寝たきりになってしまったり、足腰を悪くしてしまったりする原因、きっかけの1つになるのが「つまずき」「転倒」です。
私の祖母も登山やウォーキングをする活発な人でしたが、70歳代の頃になんでもない坂道でつまずいて転倒し骨折。それが原因で足腰が弱くなり、杖を使うようになって、晩年ではずっと車いすでした。
最近の年配の方はトレッキングやジョギングなどを行い、足腰の鍛錬をしている人も多いですよね。多摩の高尾山などに行くと、若い人よりもずっと年配の方のほうが多いですし、きちんとした装備をして登山されている人も多いです。
しかしそのように鍛錬している人でも、ふとしたときにつまずいたり転倒したりすることが起きているようです。
足腰の筋力はそれなりにあるのに、なぜつまずいたり転倒したりするのか?
その原因は最近の研究で分かってきています。
それは「平衡感覚」の衰えです。
人間の体を平衡に保つ力=平行か、どのくらい傾いているのか感覚的に把握する力は、「内耳」の中の耳石器の働きによるものです。

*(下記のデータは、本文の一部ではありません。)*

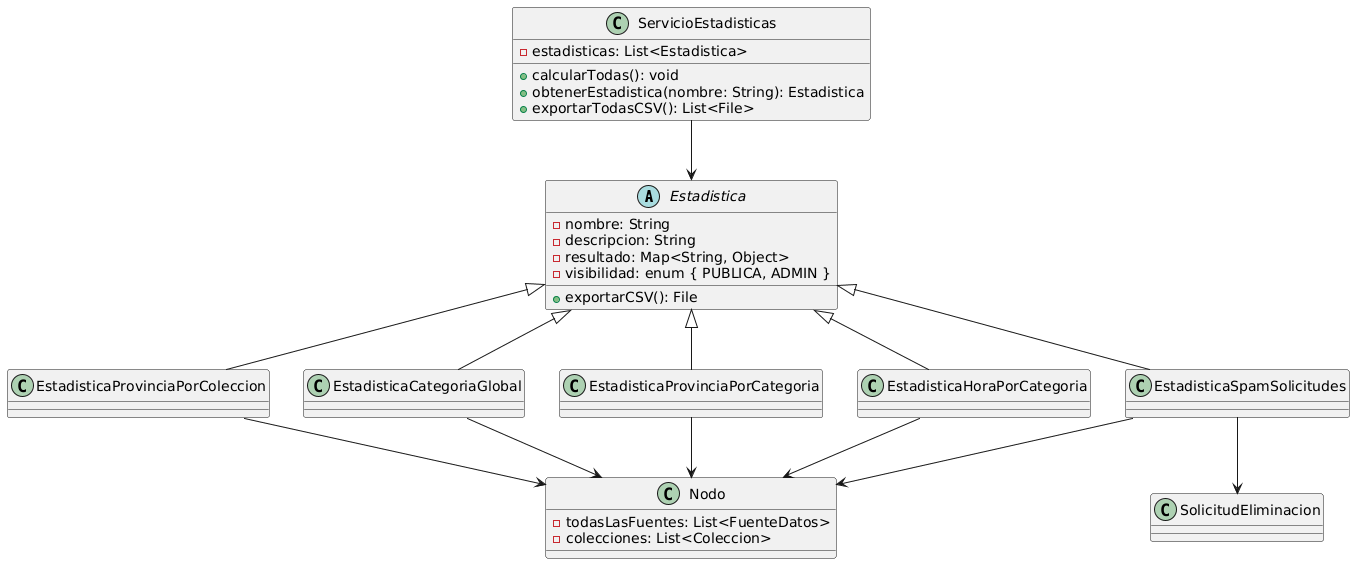

The diagram above was rendered by PlantUML. Its source (embedded in the PNG):
@startuml
abstract class Estadistica {
  - nombre: String
  - descripcion: String
  - resultado: Map<String, Object>
  - visibilidad: enum { PUBLICA, ADMIN }
  + exportarCSV(): File
}

class EstadisticaProvinciaPorColeccion
class EstadisticaCategoriaGlobal
class EstadisticaProvinciaPorCategoria
class EstadisticaHoraPorCategoria
class EstadisticaSpamSolicitudes

class ServicioEstadisticas {
  - estadisticas: List<Estadistica>
  + calcularTodas(): void
  + obtenerEstadistica(nombre: String): Estadistica
  + exportarTodasCSV(): List<File>
}


class Nodo {
  - todasLasFuentes: List<FuenteDatos>
  - colecciones: List<Coleccion>
}



class SolicitudEliminacion

' Herencia
Estadistica <|-- EstadisticaProvinciaPorColeccion
Estadistica <|-- EstadisticaCategoriaGlobal
Estadistica <|-- EstadisticaProvinciaPorCategoria
Estadistica <|-- EstadisticaHoraPorCategoria
Estadistica <|-- EstadisticaSpamSolicitudes

' Relaciones principales
ServicioEstadisticas --> Estadistica



' Estadísticas acceden directamente al Nodo
EstadisticaProvinciaPorColeccion --> Nodo
EstadisticaCategoriaGlobal --> Nodo
EstadisticaProvinciaPorCategoria --> Nodo
EstadisticaHoraPorCategoria --> Nodo
EstadisticaSpamSolicitudes --> Nodo
EstadisticaSpamSolicitudes --> SolicitudEliminacion
@enduml

この耳石は自律神経ともつながっており、血流や細胞の活性化にもつながっていることが分かっています。
例えば、宇宙に行くと無重力状態になりますが、このときは耳石が動かず、平衡感覚が麻痺します。
昔、宇宙飛行士が地球に帰ってきたとき、フラフラで歩けない、しばらく体調不良が続く、もしくは体に老化がみられる、など様々な体調の変化がありましたが、それは耳石がずっと動かなかったためだとされています。
私たちが気を付けることはただ1つ。
耳石を動かす、ということです。
寝ていると耳石は動きませんし、なんと座っていても耳石は動かないのです。
家でじっとしている時間が増えると、耳石が動かない時間が増えてしまいます。それによって平衡感覚の衰えや自律神経の乱れ、体力の低下が起きることになります。
一番てっとり早いのは30分に一度立ち上がること。座った状態から立つと耳石は動くのです。
できるだけ座りっぱなしにならないよう、なにかにつけて立つ、という習慣を身につけるとよいと思います。
1日1分で出来る、つまずき防止体操
衰えた耳石の働きを刺激するには、立ち上がるだけでなく、「傾き」の要素を入れてみるのがよい、という大学の研究報告があります。
やり方は簡単。
1.まず、まっすぐ立つ。窓の枠や柱などを目安に垂直に立つ。
2.右に頭を横に傾け、それを15秒続ける。
3.つぎは反対の左に頭を傾け、それを15秒続ける。
4.それを2セット実施する。できれば朝と晩にやる。
ウォーキングや散歩の途中で立ち止まって、頭を傾けてみたりするのがよいですし、下を向いたり上を向いたり、とにかく「ジッとし続けず、たまに頭を動かしてみる」という程度でもだいぶ耳石の刺激にはなります。